Data records »
----------

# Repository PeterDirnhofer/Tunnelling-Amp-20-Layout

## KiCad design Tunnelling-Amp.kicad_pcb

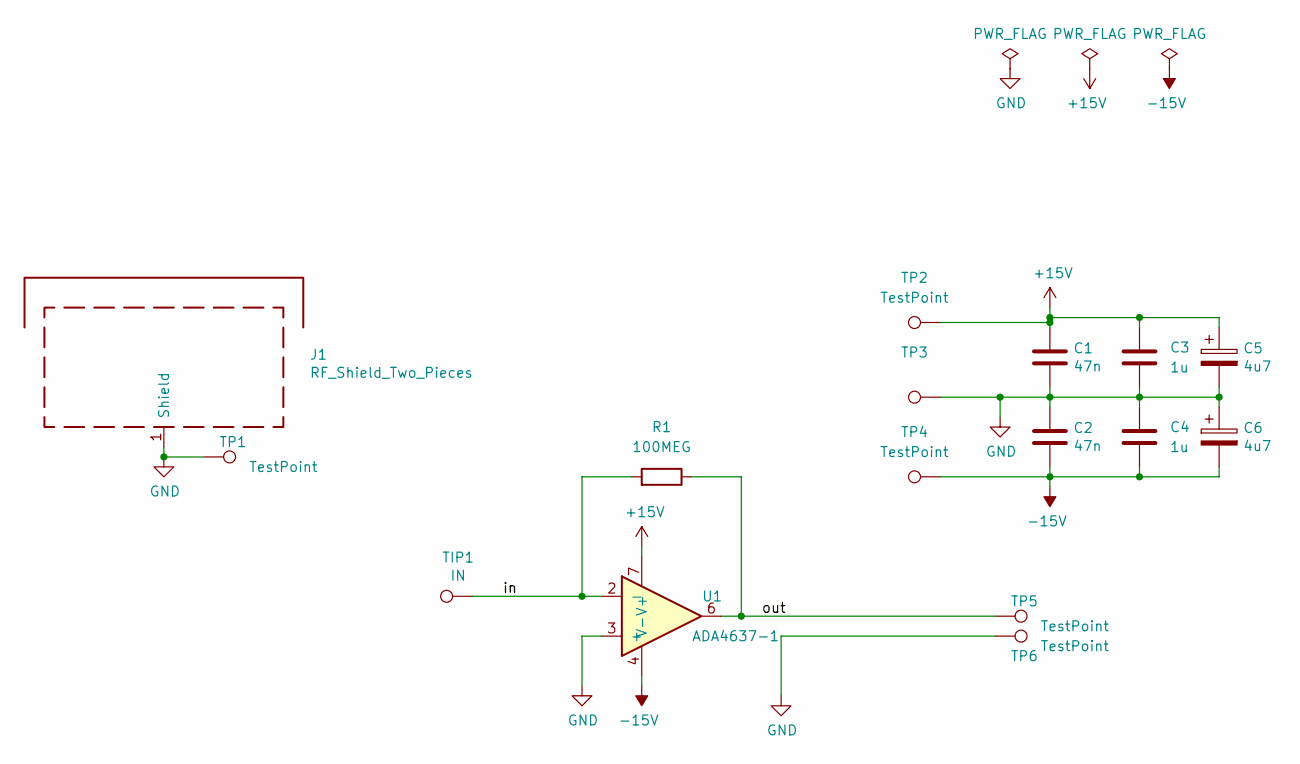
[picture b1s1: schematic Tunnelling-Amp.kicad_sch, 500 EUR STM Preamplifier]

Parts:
C1, C2: 47n; C_0805_2012Metric_Pad1.18x1.45mm_HandSolder
C3, C4: 1u; C_0805_2012Metric_Pad1.18x1.45mm_HandSolder
C5: 4u7; CP_EIA-6032-15_Kemet-U; Digikey 478-1737-1-ND
C6: 4u7; CP_EIA-6032-15_Kemet-U
J1: RF_Shield_Two_Pieces; Laird_Technologies_BMI-S-201-F_13.66x12.70mm; Digikey 903-1006-1-ND or 903-1050-1-ND + 903-10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
R1: 100MEG; R_1206_3216Metric_Pad1.30x1.75mm_HandSolder; Digikey 13-RC1206JR-07100MLCT-ND
TIP1: IN; TestPoint_Pad_2.5x2.5mm
TP1, TP2, TP3, TP4, TP5, TP6: TestPoint; TestPoint_Pad_D1.5mm
U1: ADA4637-1; SOIC-8_3.9x4.9mm_P1.27mm; Digikey ADA4637-1ARZ-ND

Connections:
+15V: C1.1, C3.1, C5.1, TP2.1, U1.7 (V+)
-15V: C2.2, C4.2, C6.2, TP4.1, U1.4 (V-)
/in: R1.2, TIP1.1, U1.2 (-)
/out: R1.1, TP5.1, U1.6
GND: C1.2, C2.1, C3.2, C4.1, C5.2, C6.1, J1.1 (Shield), TP1.1, TP3.1, TP6.1, U1.3 (+)

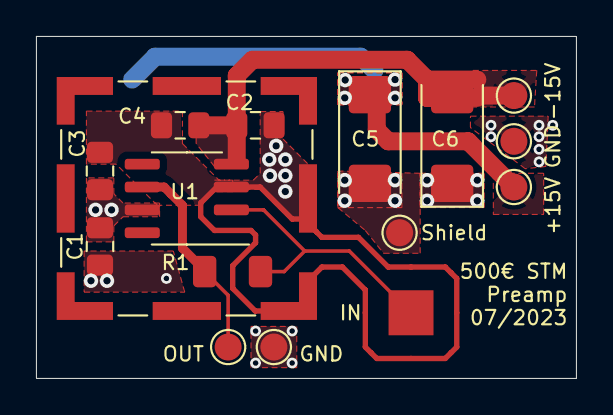
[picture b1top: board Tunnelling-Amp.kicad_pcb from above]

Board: 2 copper layers, 30.0 x 19.0 mm, 16 parts (0 on the bottom side), 5 nets.

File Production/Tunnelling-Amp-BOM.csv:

Id;Designator;Footprint;Quantity;Designation;Supplier and ref
1;C5,C6;CP_EIA-6032-15_Kemet-U;2;4u7;
2;TIP1;TestPoint_Pad_2.5x2.5mm;1;IN;
3;C3,C4;C_0805_2012Metric_Pad1.18x1.45mm_HandSolder;2;1u;
4;J1;Laird_Technologies_BMI-S-201-F_13.66x12.70mm;1;RF_Shield_Two_Pieces;
5;U1;SOIC-8_3.9x4.9mm_P1.27mm;1;ADA4637-1;
6;C1,C2;C_0805_2012Metric_Pad1.18x1.45mm_HandSolder;2;47n;
7;R1;R_1206_3216Metric_Pad1.30x1.75mm_HandSolder;1;100MEG;
8;TP2,TP1,TP5,TP6,TP3,TP4;TestPoint_Pad_D1.5mm;6;TestPoint;
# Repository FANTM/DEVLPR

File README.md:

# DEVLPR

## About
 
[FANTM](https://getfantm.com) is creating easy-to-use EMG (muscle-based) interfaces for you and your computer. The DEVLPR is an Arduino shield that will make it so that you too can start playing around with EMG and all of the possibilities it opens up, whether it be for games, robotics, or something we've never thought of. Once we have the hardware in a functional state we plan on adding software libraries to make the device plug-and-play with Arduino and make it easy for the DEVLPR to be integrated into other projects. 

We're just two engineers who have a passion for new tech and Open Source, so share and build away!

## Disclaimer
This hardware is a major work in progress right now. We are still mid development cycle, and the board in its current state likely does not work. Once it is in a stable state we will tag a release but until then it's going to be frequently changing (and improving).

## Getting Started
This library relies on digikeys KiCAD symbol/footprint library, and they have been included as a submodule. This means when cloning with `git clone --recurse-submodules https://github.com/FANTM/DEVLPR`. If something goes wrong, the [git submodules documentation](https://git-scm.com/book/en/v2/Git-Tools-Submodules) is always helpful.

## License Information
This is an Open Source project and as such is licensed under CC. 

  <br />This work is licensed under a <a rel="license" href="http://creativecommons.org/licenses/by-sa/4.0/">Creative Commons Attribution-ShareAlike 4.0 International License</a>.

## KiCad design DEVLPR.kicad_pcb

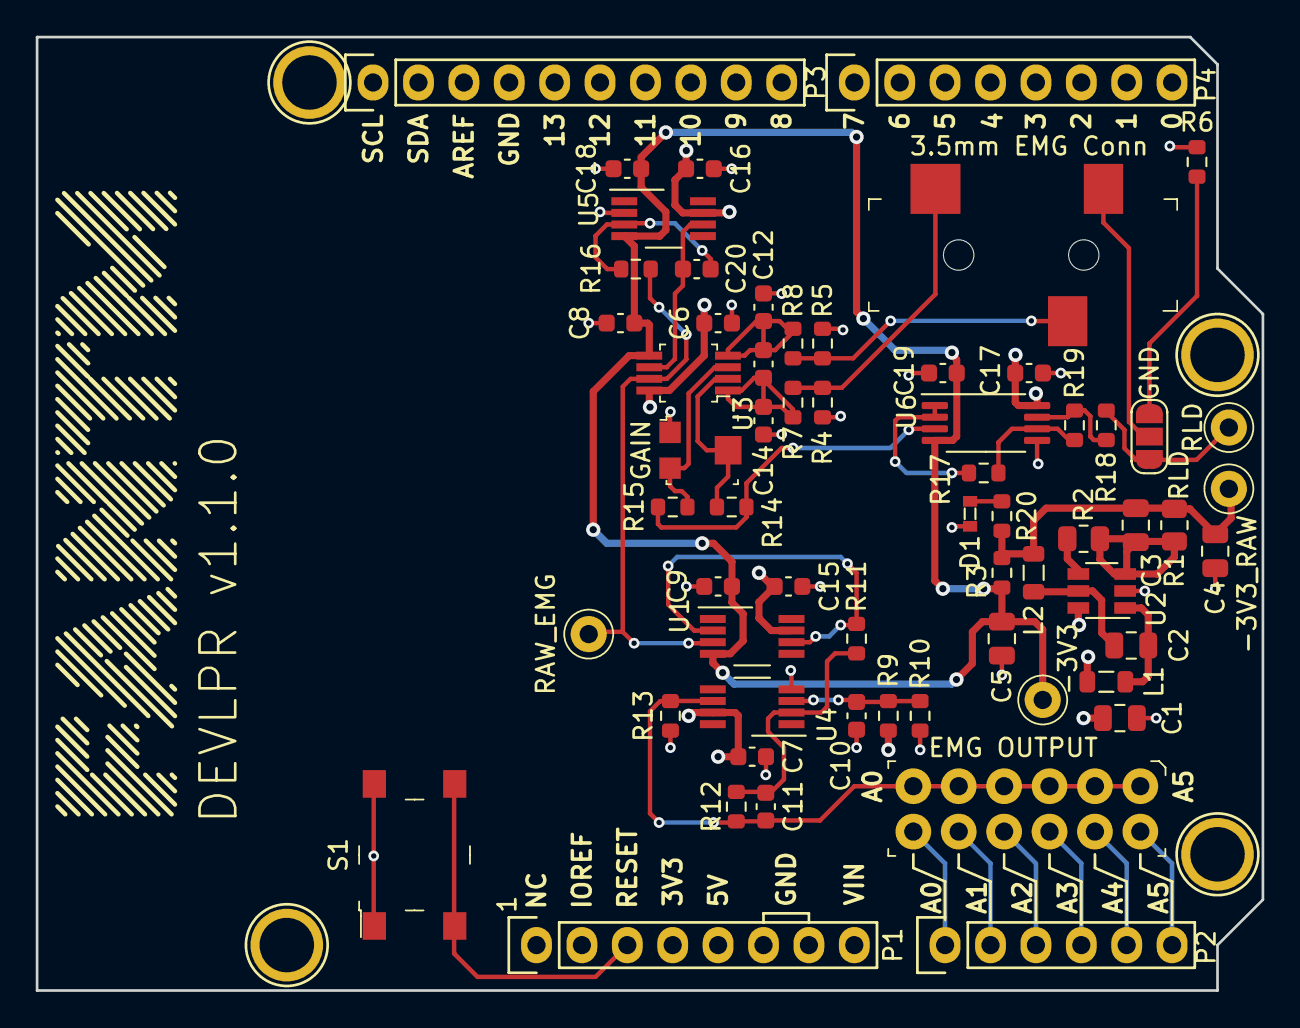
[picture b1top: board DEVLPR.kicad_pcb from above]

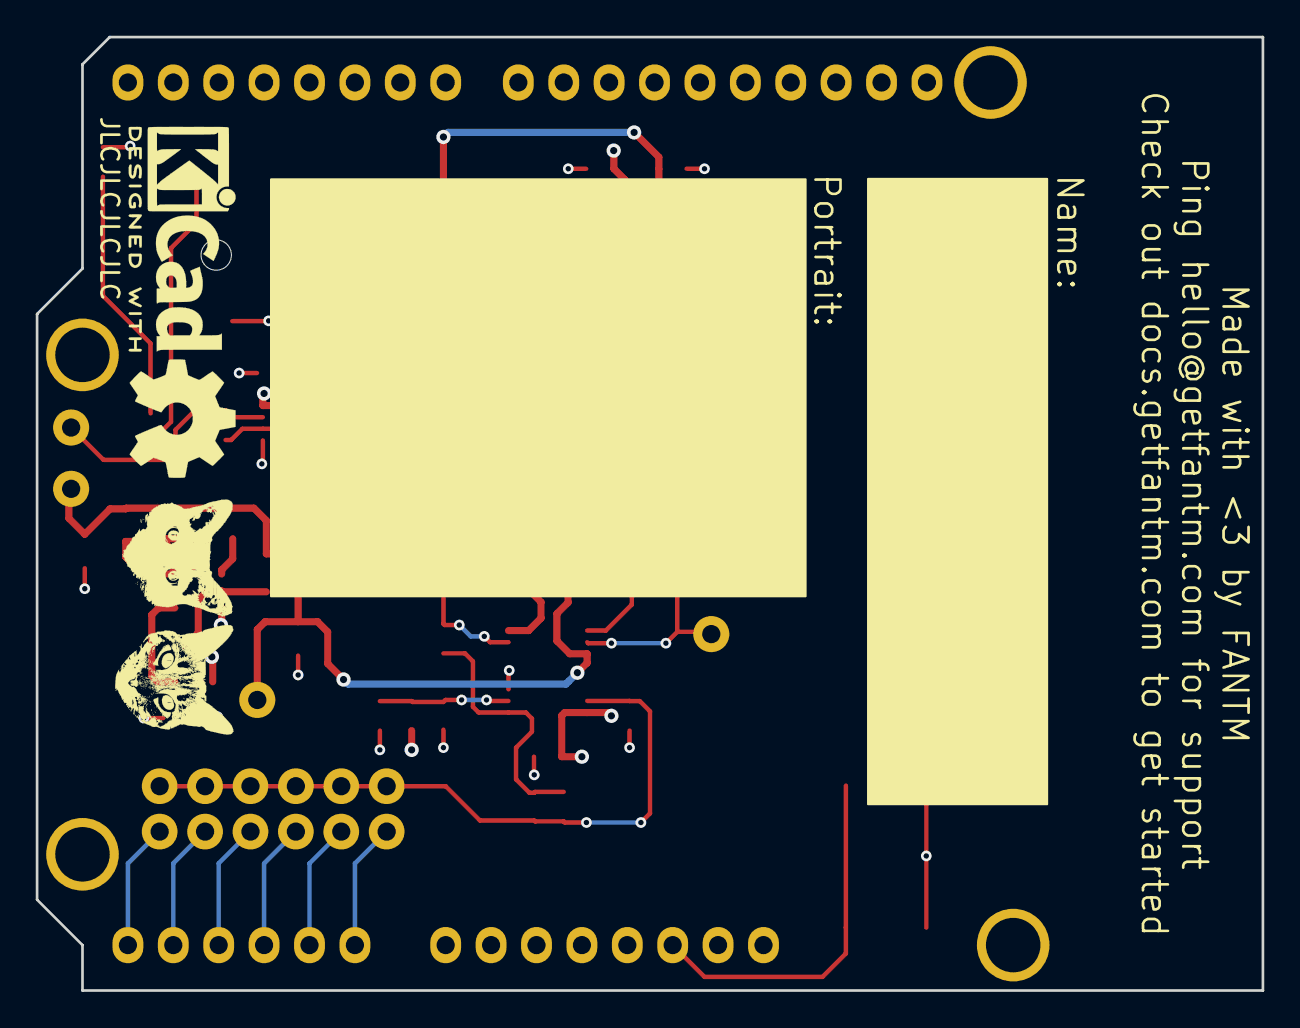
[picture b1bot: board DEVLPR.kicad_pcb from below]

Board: 4 copper layers, 68.6 x 53.3 mm, 72 parts (6 on the bottom side), 36 nets.

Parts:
C1, C2: 1uF; C_0805_2012Metric
C3: 22pF; C_0805_2012Metric
C4: 4.7uF; C_0805_2012Metric
C5: 10uF; C_0805_2012Metric
C6, C7, C8, C9, C15, C16, C17, C18, C19: 0.1uF; C_0603_1608Metric
C10, C20: 1uF; C_0603_1608Metric
C11: 4700pF; C_0603_1608Metric
C12, C14: 2.2pF; C_0603_1608Metric
C13: 10pF; C_0603_1608Metric
CON1: SJ-3523-SMT-TR; Switch_Slide_11.6x4mm_SJ-3523-SMT
D1: GREEN LED; 0603
J1: EMG OUTPUT; PinHeader_6x2_P2.54mm_Horizontal
JP1: RLD_SEL; SolderJumper-3_P1.3mm_Open_RoundedPad1.0x1.5mm_NumberLabels
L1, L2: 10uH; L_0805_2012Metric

----------

How to complete this task »
Reproduce word for word the material above, starting with the line that has "[picture b1bot: board" and stopping after the line that has "Board: 4 copper".

Exercise answer »
[picture b1bot: board DEVLPR.kicad_pcb from below]

Board: 4 copper layers, 68.6 x 53.3 mm, 72 parts (6 on the bottom side), 36 nets.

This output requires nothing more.